The pinch comes at a time when the U.S. has committed additional gas supplies to Europe, which is trying to escape its dependence on imported gas from Russia.
However, U.S. oil companies are not increasing gas production.
Instead, under pressure from Wall Street, oil and gas producers are hoarding cash and boosting stock dividends paid to investors, as we reported in “Oil Majors Withhold Investment in New Production” (3 Aug 2021), “U.S. Oil Industry Will Not Raise Output, Executives Say” (29 Mar 2022) and “Oil Majors Use Cash to Buy Back Stock, Increase Dividends” (10 May 2022).
On 13 May, U.S. natural gas inventories were about 15 percent lower than their five-year average, according to the federal Energy Information Administration.
Also, Appalachian coal—the usual alternative to gas—is setting price records, while droughts in the western U.S. have slashed hydropower production. (See related story in this issue.)
Both factors are adding additional demands on the country’s increasingly thin gas supply.
“There’s almost no ceiling for natural gas,” analyst Kent Bayazitoglu at Baker & O’Brien, an energy consulting firm, told the WSJ. “You can reduce your driving a lot easier than you can reduce your natural gas consumption.”

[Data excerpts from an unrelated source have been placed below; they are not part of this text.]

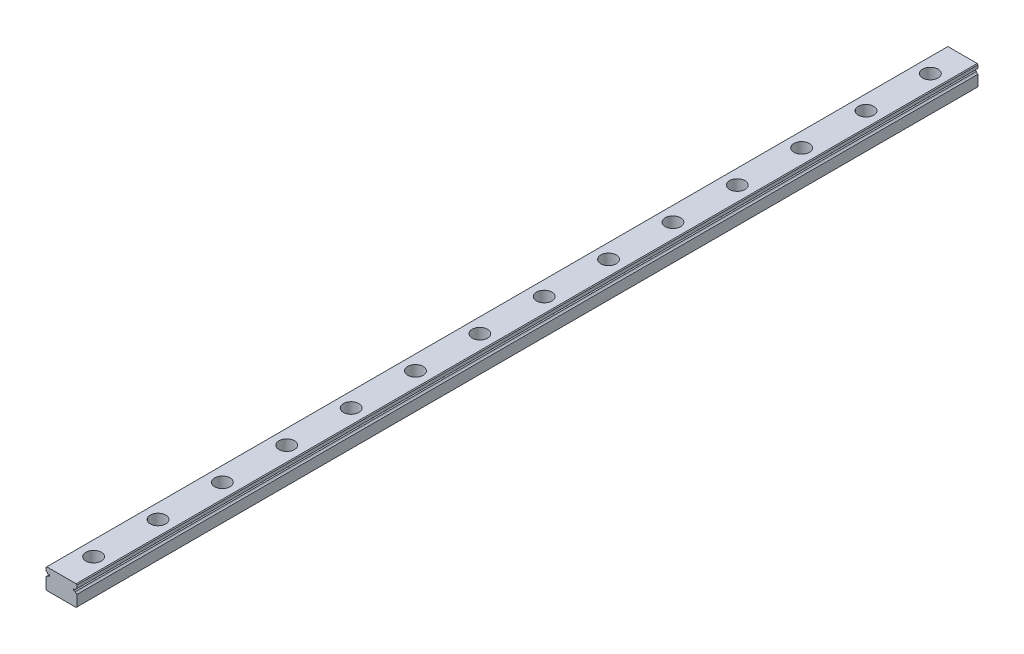
from build123d import *

# Parameters (mm, degrees)
EXTRUSION1_DEPTH       = 350
SKETCH_2_R             = 3
SKETCH_2_R_2           = 1.75
CUT_EXTRUDE_1_DEPTH    = 4.5
SKETCH_2_2_R           = 1.75
CUT_EXTRUDE_2_DEPTH    = 351.142828
PATTERN_LINEAR_1_COUNT = 14
PATTERN_LINEAR_1_PITCH = 25


with BuildPart() as part:
    # Эскиз1 → Extrusion1 (new body)
    with BuildSketch(Plane.XY):
        with BuildLine():
            Line((-6, 3.7), (-5.7, 4))
            Line((-5.7, 4), (5.7, 4))
            Line((5.7, 4), (6, 3.7))
            Line((6, 3.7), (6, 2.451013544))
            ThreePointArc((6, 2.451013544), (5.597935912, 2.202976267), (5.354599002, 1.798050138))
            Line((5.354599002, 1.798050138), (4.643514056, 1.798050138))
            Line((4.643514056, 1.798050138), (4.643514056, 1.201949862))
            Line((4.643514056, 1.201949862), (5.354599002, 1.201949862))
            ThreePointArc((5.354599002, 1.201949862), (5.597935912, 0.797023733), (6, 0.548986456))
            Line((6, 0.548986456), (6, -3.7))
            Line((6, -3.7), (5.7, -4))
            Line((5.7, -4), (-5.7, -4))
            Line((-5.7, -4), (-6, -3.7))
            Line((-6, -3.7), (-6, 0.548986456))
            ThreePointArc((-6, 0.548986456), (-5.597935912, 0.797023733), (-5.354599002, 1.201949862))
            Line((-5.354599002, 1.201949862), (-4.643514056, 1.201949862))
            Line((-4.643514056, 1.201949862), (-4.643514056, 1.798050138))
            Line((-4.643514056, 1.798050138), (-5.354599002, 1.798050138))
            ThreePointArc((-5.354599002, 1.798050138), (-5.597935912, 2.202976267), (-6, 2.451013544))
            Line((-6, 2.451013544), (-6, 3.7))
        make_face()
    extrude(amount=EXTRUSION1_DEPTH)

    # Эскиз2 → Вырез-Вытянуть1 (cut)
    with BuildSketch(Plane(origin=(0, 4, 0), x_dir=(1, 0, 0), z_dir=(0, 1, 0))):
        with Locations((0, -12.5)):
            Circle(SKETCH_2_R)
        with Locations((0, -12.5)):
            Circle(SKETCH_2_R_2, mode=Mode.SUBTRACT)
    cut_extrude_1 = extrude(amount=-CUT_EXTRUDE_1_DEPTH, mode=Mode.SUBTRACT)

    # Эскиз2<2> → Вырез-Вытянуть2 (cut, through all)
    with BuildSketch(Plane(origin=(0, 4, 0), x_dir=(1, 0, 0), z_dir=(0, 1, 0))):
        with Locations((0, -12.5)):
            Circle(SKETCH_2_2_R)
    cut_extrude_2 = extrude(amount=-CUT_EXTRUDE_2_DEPTH, mode=Mode.SUBTRACT)

    # Линейный массив1: Вырез-Вытянуть1, Вырез-Вытянуть2 ×14
    with Locations(*[(0, 0, i * PATTERN_LINEAR_1_PITCH) for i in range(1, PATTERN_LINEAR_1_COUNT)]):
        add(cut_extrude_1, mode=Mode.SUBTRACT)
        add(cut_extrude_2, mode=Mode.SUBTRACT)


solid = part.part
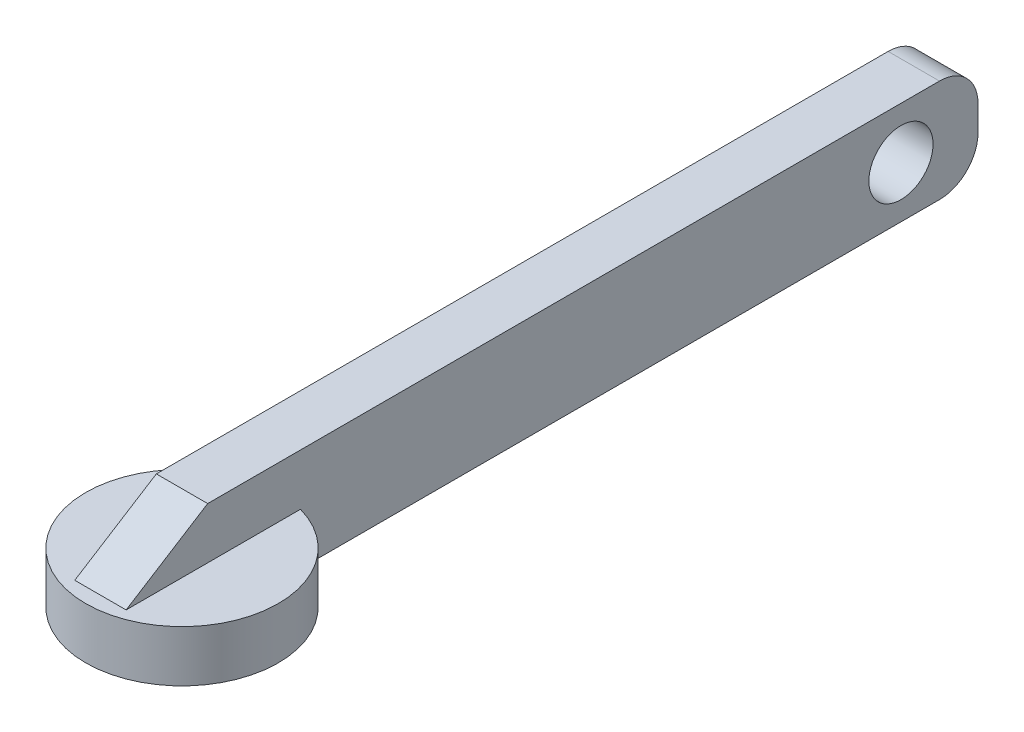
from build123d import *

# Parameters (mm, degrees)
SKETCH1_W           = 4
SKETCH1_H           = 60
BOSS_EXTRUDE1_DEPTH = 8
SKETCH2_R           = 2.5
CUT_EXTRUDE1_DEPTH  = 8
FILLET1_R           = 3
SKETCH3_R           = 7.5
BOSS_EXTRUDE2_DEPTH = 4
BOSS_EXTRUDE3_DEPTH = 4


with BuildPart() as part:
    # Sketch1 → Boss-Extrude1 (new body)
    with BuildSketch(Plane(origin=(0, 0, 0), x_dir=(1, 0, 0), z_dir=(0, 1, 0))):
        Rectangle(SKETCH1_W, SKETCH1_H)
    extrude(amount=BOSS_EXTRUDE1_DEPTH)

    # Sketch2 → Cut-Extrude1 (cut)
    with BuildSketch(Plane.ZY.offset(2)):
        with Locations((-24, 4)):
            Circle(SKETCH2_R)
    extrude(amount=-CUT_EXTRUDE1_DEPTH, mode=Mode.SUBTRACT)

    # Fillet1
    fillet1_edges = [part.edges().sort_by_distance(p)[0] for p in [
        (0, 0, -30),
        (0, 8, -30),
    ]]
    fillet(fillet1_edges, radius=FILLET1_R)

    # Sketch3 → Boss-Extrude2 (add)
    with BuildSketch(Plane.XZ):
        with Locations((0, 30)):
            Circle(SKETCH3_R)
    extrude(amount=-BOSS_EXTRUDE2_DEPTH)

    # Sketch4 → Boss-Extrude3 (add)
    with BuildSketch(Plane(origin=(2, 0, 0), x_dir=(0, 0, -1), z_dir=(1, 0, 0))):
        Polygon((-30, 4), (-36.351721889, 4), (-30, 8), align=None)
    extrude(amount=-BOSS_EXTRUDE3_DEPTH)


solid = part.part

TRENDPOST: President Joe Biden has made commitments to the Western alliance opposing Russia’s war in Ukraine that the U.S. will ship more gas to Europe. He will remain unwilling to break that commitment, as it could weaken other allies’ resolve to keep their promises.
As we reported in “U.S. LNG Shipments to Europe Tighten Domestic Gas Supplies” (5 Apr 2022), the Biden administration probably is already eyeing a plan to invoke the Defense Production Act to order oil and gas producers back into the field later this year to meet domestic needs as well as to fulfill U.S. commitments to Europe to increase LNG deliveries.
However, despite these actions, considering the new gas sanctions the EU has put on Russia as we detail in this Trends Journal… high fuel prices are the future.